Here is a snippet code using map/unmap;

float *ptr = (float*)glMapBufferARB(GL_ARRAY_BUFFER_ARB, GL_WRITE_ONLY_ARB);
if(ptr)
{
    // update dataset with given pointer to vertex buffer
    updateMyVBO(ptr);
    glUnmapBufferARB(GL_ARRAY_BUFFER_ARB); // release VBO after use
}

You can copy new dataset with glBufferDataARB() every frame.
No. glBufferData allocates a new buffer, so it is slow. Better use glBufferSubData to override the existing buffer.

Originally posted by Overmind:
[quote]You can copy new dataset with glBufferDataARB() every frame.
No. glBufferData allocates a new buffer, so it is slow.
[/QUOTE]It allocates new memory only if it has to because the buffer size or storage type changed or because the buffer is used by GPU. Otherwise it will likely reuse existing memory.

Here is my code.

--once--
//
glGenBuffersARB( 1, &BufferName[0] );
glBindBufferARB(GL_ARRAY_BUFFER_ARB, BufferName[0]);
glBufferDataARB(GL_ARRAY_BUFFER_ARB, 2000 * 3 * sizeof(double), terrain.grid_verts, GL_STREAM_DRAW_ARB);
//
glGenBuffersARB( 1, &BufferName[1] );
glBindBufferARB(GL_ARRAY_BUFFER_ARB, BufferName[1]);
glBufferDataARB(GL_ARRAY_BUFFER_ARB, 1000 * 2 * sizeof(float), terrain.tex_coords, GL_STREAM_DRAW_ARB);
//
-- every frame --
//
glEnableClientState(GL_VERTEX_ARRAY);
glEnableClientState(GL_TEXTURE_COORD_ARRAY);
//
glBindBufferARB(GL_ARRAY_BUFFER_ARB, BufferName[0]);
glVertexPointer(3, GL_DOUBLE, 0, (char *) NULL);
glBufferDataARB(GL_ARRAY_BUFFER_ARB, terrain.ngrid_verts * 3 * sizeof(double), terrain.grid_verts, GL_STREAM_DRAW_ARB);
//
glBindBufferARB(GL_ARRAY_BUFFER_ARB, BufferName[1]);
glTexCoordPointer(2, GL_FLOAT, 0, (char *) NULL);
glBufferDataARB(GL_ARRAY_BUFFER_ARB, terrain.ntex_coords * 2 * sizeof(float), terrain.tex_coords, GL_STREAM_DRAW_ARB);
//
glDrawElements(GL_TRIANGLE_STRIP, terrain.ngrid_tstrip, GL_UNSIGNED_SHORT, terrain.grid_tstrip);
//
glDisableClientState(GL_VERTEX_ARRAY); 
glDisableClientState(GL_TEXTURE_COORD_ARRAY);

The GL_DOUBLE type is not natively supported by most GPUs so the driver needs to do conversion on the CPU during the rendering command which is almost certainly the cause of the slowdown you see.

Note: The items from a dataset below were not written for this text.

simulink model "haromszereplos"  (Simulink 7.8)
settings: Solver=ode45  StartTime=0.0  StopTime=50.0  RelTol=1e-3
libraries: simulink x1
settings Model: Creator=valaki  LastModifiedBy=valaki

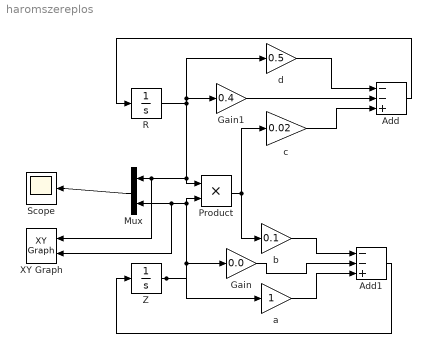
== system haromszereplos ==
  Add : Sum  Inputs=--+
  Add1 : Sum  Inputs=--+
  Gain : Gain  Gain=0.0
  Gain1 : Gain  Gain=0.4
  Mux : Mux  Inputs=2
  Product : Product  RndMeth=Zero
  R : Integrator  InitialCondition=13
  Scope : Scope
  XY Graph : simulink/Sinks/XY Graph  xmin=0  xmax=30  ymin=0  ymax=60  st=-1
  Z : Integrator  InitialCondition=25
  a : Gain
  b : Gain  Gain=0.1
  c : Gain  Gain=0.02
  d : Gain  Gain=0.5
  wires:
  d/1 -> Add/1
  R/1 -> Product/1, Mux/1, XY Graph/1, d/1, Gain1/1
  Product/1 -> c/1, b/1
  Z/1 -> a/1, Product/2, Mux/2, XY Graph/2, Gain/1
  b/1 -> Add1/1
  Add/1 -> R/1
  Add1/1 -> Z/1
  Mux/1 -> Scope/1
  a/1 -> Add1/3
  Gain/1 -> Add1/2
  c/1 -> Add/3
  Gain1/1 -> Add/2

Komat, you were right about the GL_DOUBLE, but it didn’t solve the problem completely.

Here is my frame-rate for various scenarios:

With VBOs (GL_DOUBLE)… 188
With VBOs (GL_FLOAT)… 224
Without VBOs… 292

Are there any more enhancements you can think of?

Thanks.

I wouldn’t be so sure the driver optimizes away the allocation. It doesn’t ever optimize away redundant state change…

I would at least try using glBufferSubData, to see if it makes a difference.

Originally posted by Overmind:
I wouldn’t be so sure the driver optimizes away the allocation. It doesn’t ever optimize away redundant state change…

What the driver optimizes depends on cost of the change when compared with cost of the check (complexity of the check, frequency of the calls, probability that the check will avoid additional work).

At least the Nvidia optimizes this based on this paper .

The allocation can still happen if the GPU is using the buffer or the driver would have to wait. In the case of replacing content of entire buffer that is currently in use by GPU, the glBufferSubData has opposite problem. Unless the driver detects that entire buffer content is replaced and optimizes that by allocating new memory, it needs to wait for the GPU. In both cases there would be allocation or wait.


I would at least try using glBufferSubData, to see if it makes a difference.

That is good idea.

Additional thing to try would be to manually double buffer the VBOs in case the GPU using the buffer would force the driver to allocate memory or wait.